OpenDevin has made sound progresses on Agents. In OpenDevin’s agent framework, the basic control loop for an agent operates as follows:

while True:
  prompt = agent.generate_prompt(state)
  response = llm.completion(prompt)
  action = agent.parse_response(response)
  observation = runtime.run(action)
  state = state.update(action, observation)

Based on the current state, an agent determines the next step, processes it through the LLM to decide the appropriate action, executes the action, and then updates the state with the result. This loop then repeats.

The CodeAct Agent is currently the most advanced agent.
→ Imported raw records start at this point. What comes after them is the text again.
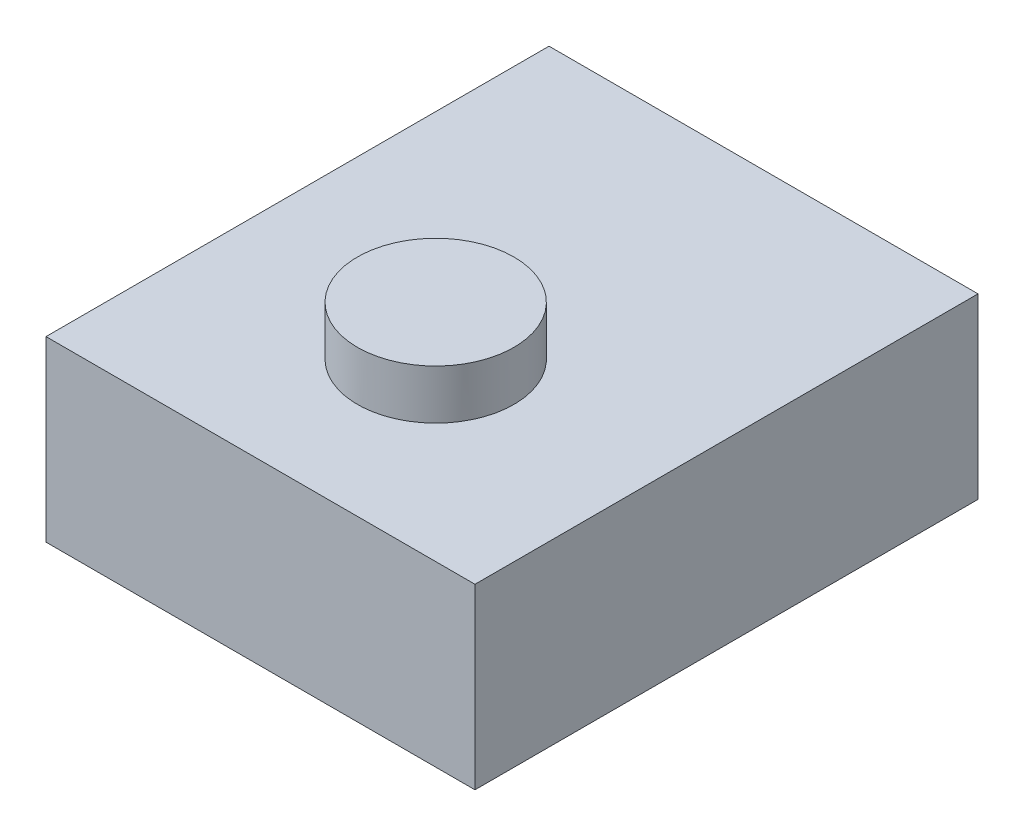
from build123d import *

# Parameters (mm, degrees)
SKETCH2_W           = 15.18
SKETCH2_H           = 17.8
BOSS_EXTRUDE1_DEPTH = 6.3
SKETCH3_R           = 2.77
BOSS_EXTRUDE2_DEPTH = 1.75


with BuildPart() as part:
    # Sketch2 → Boss-Extrude1 (new body)
    with BuildSketch(Plane(origin=(0, 0, 0), x_dir=(1, 0, 0), z_dir=(0, 1, 0))):
        with Locations((7.59, 8.9)):
            Rectangle(SKETCH2_W, SKETCH2_H)
    extrude(amount=BOSS_EXTRUDE1_DEPTH)

    # Sketch3 → Boss-Extrude2 (add)
    with BuildSketch(Plane(origin=(0, 6.3, 0), x_dir=(1, 0, 0), z_dir=(0, 1, 0))):
        with Locations(Location((7.59, 6.2, 0), (0, 0, 90))):
            Circle(SKETCH3_R)
    extrude(amount=BOSS_EXTRUDE2_DEPTH)


solid = part.part
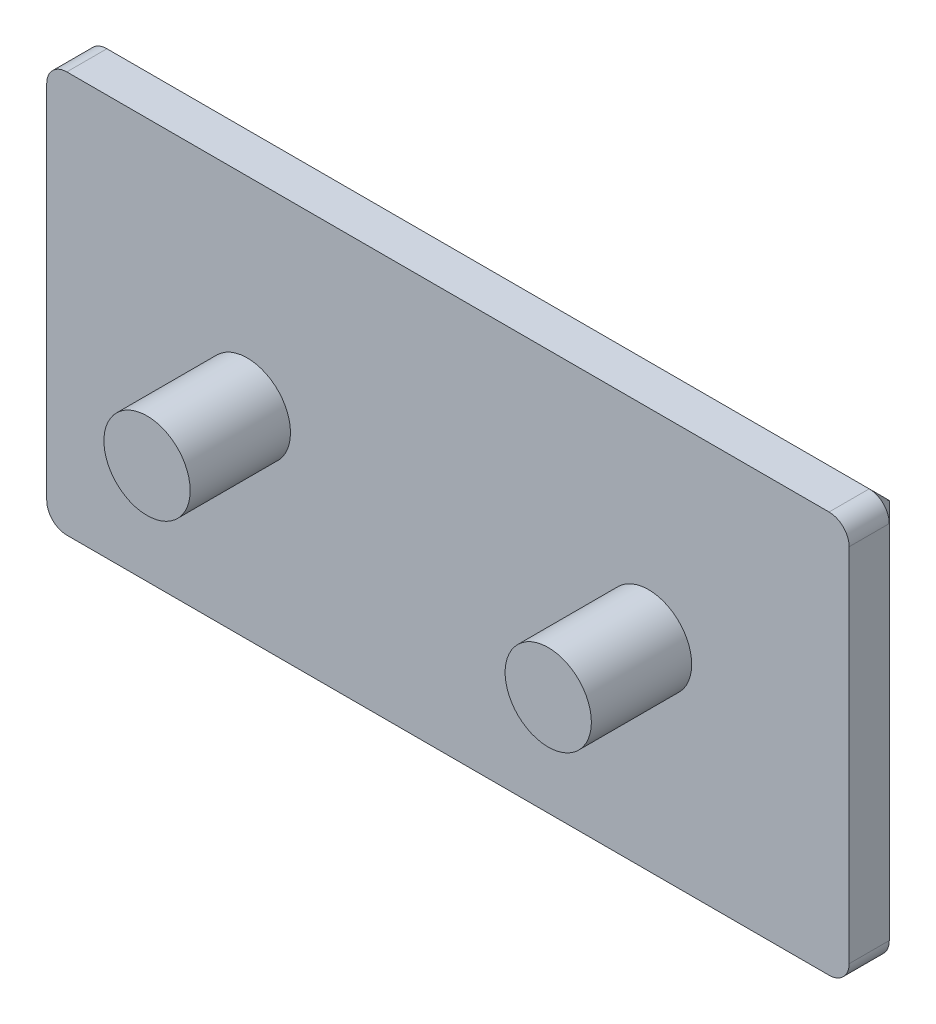
from build123d import *

# Parameters (mm, degrees)
SKETCH1_W           = 40
SKETCH1_H           = 20
BOSS_EXTRUDE1_DEPTH = 3
SKETCH2_R           = 2.15
BOSS_EXTRUDE2_DEPTH = 5
FILLET1_R           = 1
CHAMFER1_SIZE       = 1


with BuildPart() as part:
    # Sketch1 → Boss-Extrude1 (new body)
    with BuildSketch(Plane.XY):
        Rectangle(SKETCH1_W, SKETCH1_H)
    extrude(amount=BOSS_EXTRUDE1_DEPTH)

    # Sketch2 → Boss-Extrude2 (add)
    with BuildSketch(Plane.XY.offset(3)):
        with Locations((10, 0)):
            Circle(SKETCH2_R)
        with Locations((-10, 0)):
            Circle(SKETCH2_R)
    extrude(amount=BOSS_EXTRUDE2_DEPTH)

    # Fillet1
    fillet1_edges = [part.edges().sort_by_distance(p)[0] for p in [
        (20, -10, 1.5),
        (-20, -10, 1.5),
        (-20, 10, 1.5),
        (20, 10, 1.5),
    ]]
    fillet(fillet1_edges, radius=FILLET1_R)

    # Chamfer1
    chamfer1_edges = [part.edges().sort_by_distance(p)[0] for p in [
        (20, 0, 0),
        (0, -10, 0),
        (-20, 0, 0),
        (0, 10, 0),
        (-19.707106781, 9.707106781, 0),
        (19.707106781, 9.707106781, 0),
        (-19.707106781, -9.707106781, 0),
        (19.707106781, -9.707106781, 0),
    ]]
    chamfer(chamfer1_edges, length=CHAMFER1_SIZE)


solid = part.part

Additionally, the SWE Agent has been adapted into the Codeact SWE Agent.

There is also a suite of microagents, each specialized in specific tasks, such as coding, mathematical operations, and database management (e.g., postgres_agent).

A manager or delegator agent is responsible for assigning tasks to the appropriate specialized agents.

OpenDevin is providing evaluation capabilities of coding agents by incorporating SWE-bench and other evaluation tools. The architecture supports the integration of any agents that adhere to a minimal common interface, facilitating the comparison of coding agent performance.

The team also plans to integrate the agents more closely with developer workflows, including VSCode plugins, GitHub issues, PR comments, and CI/CD processes.